Exercise: Look in the data below for the line that has "line L5 (76.2, 6) -> (64.2, 6)", then print exactly every line from there through the line that has "line L2 (0, 18) -> (0, 0)", leaving pictures out.
::: Information supplied :::
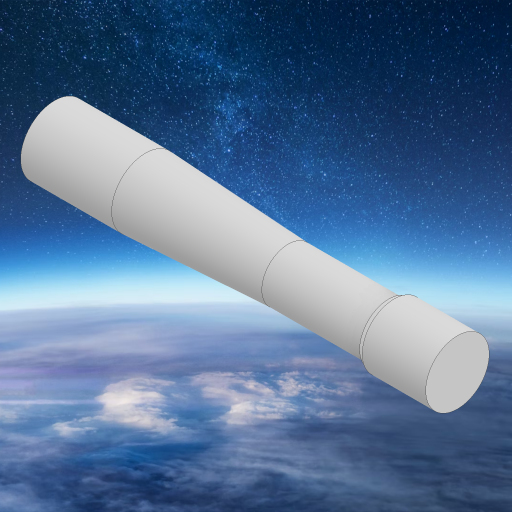
# Autodesk Inventor part: stick_antenna_434MHz
Saved by Autodesk Inventor 2023 (Build 270158000, 158)
## iProperties
Created: 2023-10-30
Part Number: stick_antenna_434MHz
Material: 一般
Document SubType Name: Modeling
Designer: 310611102
Density: 1 g/cm^3
Appearance: 預設
Author: 310611102
Autodesk Inventor part; units mm, degrees
ref_plane "YZ Plane" through (0, 0, 0) normal (1, 0, 0) x (0, 1, 0)
ref_plane "XZ Plane" through (0, 0, 0) normal (0, 1, 0) x (-1, 0, 0)
ref_plane "XY Plane" through (0, 0, 0) normal (0, 0, 1) x (1, 0, 0)
sketch "Sketch1" plane through (0, 0, 0) normal (0, 0, 1) x (1, 0, 0)
  line L0 (0, 0) -> (76.2, 0)
  line L1 (76.2, 0) -> (76.2, 6)
  line L2 (17.2, 6.4) -> (0, 6.4)
  line L3 (0, 6.4) -> (0, 3)
  line L4 (0, 0) -> (101.0496, 0)
  line L5 (76.2, 6) -> (64.2, 6)
  line L6 (64.2, 6) -> (63.2, 5.5)
  line L7 (63.2, 5.5) -> (63.2, 5)
  line L8 (63.2, 5) -> (44.2, 5)
  line L9 (44.2, 5) -> (17.2, 6.4)
  line L10 (0, 3) -> (5, 3)
  line L11 (5, 3) -> (5, 0)
  point P0 (5, 0)
  dimension "d0" = 76.2
  dimension "d1" = 12.8
  dimension "d3" = 12
  dimension "d4" = 10
  dimension "d5" = 0.5
  dimension "d6" = 1
  dimension "d7" = 13
  dimension "d8" = 32
  dimension "d9" = 59
  dimension "d10" = 5
  dimension "d11" = 6
  constraints: 24 end point, 4 horizontal, 3 perpendicular, 2 parallel, 2 point on line, 1 vertical
  measures "d0" distance of L0.start L0.end
  measures "d1" diameter of L2 L4
  measures "d3" diameter of L5 L4
  measures "d4" diameter of L8 L4
  measures "d5" distance of L6.end L7.end
  measures "d6" distance from line of L5.end L7
  measures "d7" distance between parallel lines of L1 L7
  measures "d8" distance from line of L1 L8.end
  measures "d9" distance from line of L2.start L1
  measures "d10" distance between parallel lines of L3 L11
  measures "d11" diameter of L10 L4
revolve "Revolution1" add sketch "Sketch1" angle 360 about axis through (0, 0, 0) along (1, 0, 0)
body "Solid1"
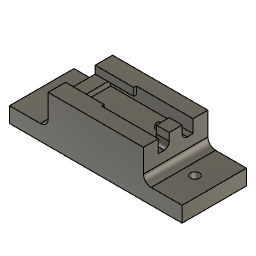
Držák napínacího kolečka v5 (Autodesk Fusion 360 design; units mm, degrees)
Autodesk Fusion 360 part; units mm, degrees
note: some values were not read from the file. Set by a fixed rule: which face or edge a step refers to.
sketch "Sketch1" plane through (0, 0, 0) normal (1, 0, 0) x (0, 1, 0)
  line L0 (0, 0) -> (25, 0)
  line L1 (25, 0) -> (25, 18)
  line L2 (0, 18) -> (0, 0)
  line L3 (19.25, 15) -> (19.25, 13)
  line L4 (19.25, 13) -> (5.75, 13)
  line L5 (5.75, 13) -> (5.75, 15)
  line L6 (18.25, 18) -> (18.25, 15)
  line L7 (6.75, 15) -> (6.75, 18)
  line L8 (25, 18) -> (18.25, 18)
  line L9 (6.75, 18) -> (0, 18)
  line L10 (5.75, 15) -> (6.75, 15)
  line L11 (18.25, 15) -> (19.25, 15)
  line L12 (6.75, 15) -> (18.25, 15)
  line L13 (5.75, 13) -> (19.25, 13)
  line L14 (19.25, 13) -> (19.25, 18)
  line L15 (19.25, 18) -> (5.75, 18)
  line L16 (5.75, 18) -> (5.75, 13)
  dimension "d1" = 25
  dimension "d2" = 18
  dimension "d3" = 13.5
  dimension "d4" = 2
  dimension "d5" = 13
  dimension "d6" = 5.75
  dimension "d7" = 1
  dimension "d8" = 11.5
  dimension "d9" = 3
  dimension "d10" = 15
  dimension "d32" = 13.5
  constraint horizontal L0
  constraint vertical L1
  constraint horizontal L8
  constraint vertical L2
  constraint coincident L0.start L2.end
  constraint horizontal L10
  constraint vertical L3
  constraint horizontal L4
  constraint vertical L5
  constraint vertical L6
  constraint vertical L7
  constraint collinear L8 L9
  constraint collinear L10 L11
  constraint horizontal L13
  constraint vertical L14
  constraint horizontal L15
  constraint vertical L16
  constraint coincident L8 L14.end
  measures "d1" distance of L0.start L0.end
  measures "d2" distance of L0.end L1.end
  measures "d3" distance of L5.end L3.start
  measures "d4" distance of L3.start L3.end
  measures "d5" vertical distance of L0.start L4.end
  measures "d6" horizontal distance of L0.start L4.end
  measures "d7" horizontal distance of L5.end L7.start
  measures "d8" distance of L6.end L7.start
  measures "d9" distance of L7.end L7.start
  measures "d10" vertical distance of L0.start L7.start
  measures "d32" distance of L14.end L15.end
sketch "Bokorys" plane through (0, 0, 0) normal (0, 1, 0) x (1, 0, 0)
  line L0 (-15, 0) -> (52, 0)
  line L1 (52, 0) -> (52, -6)
  line L2 (-15, -6) -> (-15, 0)
  line L3 (-15, -6) -> (52, -6)
  dimension "d48" = 15
  dimension "d49" = 67
  dimension "d50" = 6
  constraint horizontal L0
  constraint vertical L1
  constraint vertical L2
  constraint horizontal L3
  constraint coincident L2.end L0
  constraint coincident L2 L0.start
  measures "d48" distance of origin L0.start
  measures "d49" distance of L0.end L0.start
  measures "d50" distance of L0.end L1.end
extrude "Extrude1" add sketch "Sketch1" along normal blind 15 contours L0 L1 L2 L3 L4 L5 L8 L9 L13 L14 L16 | L7 L9 L10 L15 L16 | L6 L8 L11 L14 L15 makes body 1
extrude "Extrude2" add sketch "Sketch1" along normal blind 5 contours L3 L4 L5 L10 L11 L12 L13 L14 L16 bodies 1
extrude "Extrude3" add sketch "Sketch1" along normal blind 25 contours L0 L1 L2 L3 L4 L5 L8 L9 L13 L14 L16 bodies 1
extrude "Extrude4" add 1 faces at (25, 10.25, 4.3333) along direction (1, 0, 0) blind 2 on bodies 1 bodies 1
sketch "Sketch4" plane through (27, 0, 0) normal (1, 0, 0) x (0, 1, 0)
  line L0 (0, 18) -> (0, 0)
  line L1 (0, 0) -> (25, 0)
  line L2 (25, 0) -> (25, 18)
  line L3 (25, 18) -> (19.25, 18)
  line L4 (19.25, 18) -> (19.25, 13)
  line L5 (19.25, 13) -> (5.75, 13)
  line L6 (5.75, 13) -> (5.75, 18)
  line L7 (5.75, 18) -> (0, 18)
  line L8 (0, 0) -> (25, 0)
  line L9 (25, 0) -> (25, 18)
  line L10 (25, 18) -> (0, 18)
  line L11 (0, 18) -> (0, 0)
  circle A0 centre (12.5, 15.5) radius 1.25
  line L12 (10, 18) -> (15, 18)
  line L13 (15, 18) -> (15, 13)
  line L14 (15, 13) -> (10, 13)
  line L15 (10, 13) -> (10, 18)
  dimension "d39" = 2.5
  dimension "d40" = 2.5
  dimension "d41" = 25
  dimension "d42" = 12.5
  dimension "d57" = 13
  dimension "d59" = 2.5
  dimension "d60" = 5
  dimension "d61" = 5
  constraint horizontal L8
  constraint vertical L9
  constraint horizontal L10
  constraint vertical L11
  constraint coincident L2.end L3.start
  constraint coincident L0.end L1.start
  constraint horizontal L12
  constraint vertical L13
  constraint horizontal L14
  constraint vertical L15
  measures "d39" diameter of A0
  measures "d40" vertical distance of L4.end A0.centre
  measures "d41" distance of L0.end L1.end
  measures "d42" horizontal distance of A0.centre L0.end
  measures "d57" vertical distance of L0.end L14.end
  measures "d59" horizontal distance of A0.centre L14.end
  measures "d60" distance of L12.start L12.end
  measures "d61" distance of L12.end L13.end
extrude "Extrude5" add sketch "Sketch4" along normal blind 5 separate body contours L0 L1 L2 L3 L4 L5 L6 L7 L8 L9 L10 L11 L14 | L5 L6 L10 L15 | L5 L10 L12 L13 L14 L15 | L4 L5 L10 L13 | A0 makes body 2
extrude "Extrude6" add sketch "Sketch4" against normal blind 3 separate body contours A0 makes body 3
extrude "Extrude7" cut 1 faces at (24, 12.8855, 15.0845) along direction (1, 0, 0) blind 1 on bodies 3 bodies 3
extrude "Extrude8" add sketch "Bokorys" along normal blind 25 separate body makes body 4
combine "Combine1" operation add target body 4 tool bodies 2 1
fillet "Fillet1" radius 3 1 edges at (32, 12.5, 6) on bodies 4
fillet "Fillet2" radius 3 1 edges at (0, 12.5, 6) on bodies 4
extrude "Extrude9" add sketch "Sketch4" along normal blind 5 contours L5 L10 L12 L13 L14 L15 | A0 bodies 3
extrude "Extrude10" cut sketch "Sketch4" along normal blind 5 contours L5 L6 L10 L15 | L4 L5 L10 L13 bodies 4
fillet "Fillet3" radius 2 1 edges at (29.5, 10, 13) on bodies 4
fillet "Fillet4" radius 2 1 edges at (29.5, 15, 13) on bodies 4
combine "Combine2" operation add target body 4 tool bodies 3
move_face "OffsetFaces1" offset 5 1 faces at (32, 1.9167, 13.3333) on bodies 4
move_face "OffsetFaces2" offset -5 1 faces at (27, 12.4689, 17.5822) on bodies 4
move_face "OffsetFaces3" offset -5 1 faces at (25, 12.8855, 15.0845) on bodies 4
sketch "Sketch6" plane through (0, 0, 6) normal (0, 0, 1) x (-1, 0, 0)
  line L0 (3, 0) -> (3, -25)
  line L1 (3, -25) -> (15, -25)
  line L2 (15, -25) -> (15, 0)
  line L3 (15, 0) -> (3, 0)
  line L4 (15, -25) -> (-52, -25)
  line L5 (-52, -25) -> (-52, 0)
  line L6 (-52, 0) -> (15, 0)
  line L7 (15, 0) -> (15, -25)
  circle A0 centre (7.5, -12.5) radius 1.75
  line L8 (-18.5, -37) -> (-18.5, 8) construction
  circle A1 centre (-44.5, -12.5) radius 1.75
  dimension "d73" = 3.5
  dimension "d74" = 12.5
  dimension "d75" = 7.5
  dimension "d76" = 33.5
  dimension "d77" = 67
  constraint horizontal L4
  constraint vertical L5
  constraint horizontal L6
  constraint vertical L7
  constraint coincident L1.end L2.start
  constraint vertical L8
  constraint symmetric A0 L8 A1
  measures "d73" diameter of A0
  measures "d74" vertical distance of origin A0.centre
  measures "d75" horizontal distance of L2.end A0.centre
  measures "d76" distance of L2.end L8
  measures "d77" distance of L1.end L4.end
extrude "Extrude13" cut sketch "Sketch6" against normal blind 16 contours A0 | A1 bodies 4
extrude "Extrude11" [suppressed]
extrude "Extrude12" [suppressed]
:::
Reply to the task:
  line L5 (76.2, 6) -> (64.2, 6)
  line L6 (64.2, 6) -> (63.2, 5.5)
  line L7 (63.2, 5.5) -> (63.2, 5)
  line L8 (63.2, 5) -> (44.2, 5)
  line L9 (44.2, 5) -> (17.2, 6.4)
  line L10 (0, 3) -> (5, 3)
  line L11 (5, 3) -> (5, 0)
  point P0 (5, 0)
  dimension "d0" = 76.2
  dimension "d1" = 12.8
  dimension "d3" = 12
  dimension "d4" = 10
  dimension "d5" = 0.5
  dimension "d6" = 1
  dimension "d7" = 13
  dimension "d8" = 32
  dimension "d9" = 59
  dimension "d10" = 5
  dimension "d11" = 6
  constraints: 24 end point, 4 horizontal, 3 perpendicular, 2 parallel, 2 point on line, 1 vertical
  measures "d0" distance of L0.start L0.end
  measures "d1" diameter of L2 L4
  measures "d3" diameter of L5 L4
  measures "d4" diameter of L8 L4
  measures "d5" distance of L6.end L7.end
  measures "d6" distance from line of L5.end L7
  measures "d7" distance between parallel lines of L1 L7
  measures "d8" distance from line of L1 L8.end
  measures "d9" distance from line of L2.start L1
  measures "d10" distance between parallel lines of L3 L11
  measures "d11" diameter of L10 L4
revolve "Revolution1" add sketch "Sketch1" angle 360 about axis through (0, 0, 0) along (1, 0, 0)
body "Solid1"
Držák napínacího kolečka v5 (Autodesk Fusion 360 design; units mm, degrees)
Autodesk Fusion 360 part; units mm, degrees
note: some values were not read from the file. Set by a fixed rule: which face or edge a step refers to.
sketch "Sketch1" plane through (0, 0, 0) normal (1, 0, 0) x (0, 1, 0)
  line L0 (0, 0) -> (25, 0)
  line L1 (25, 0) -> (25, 18)
  line L2 (0, 18) -> (0, 0)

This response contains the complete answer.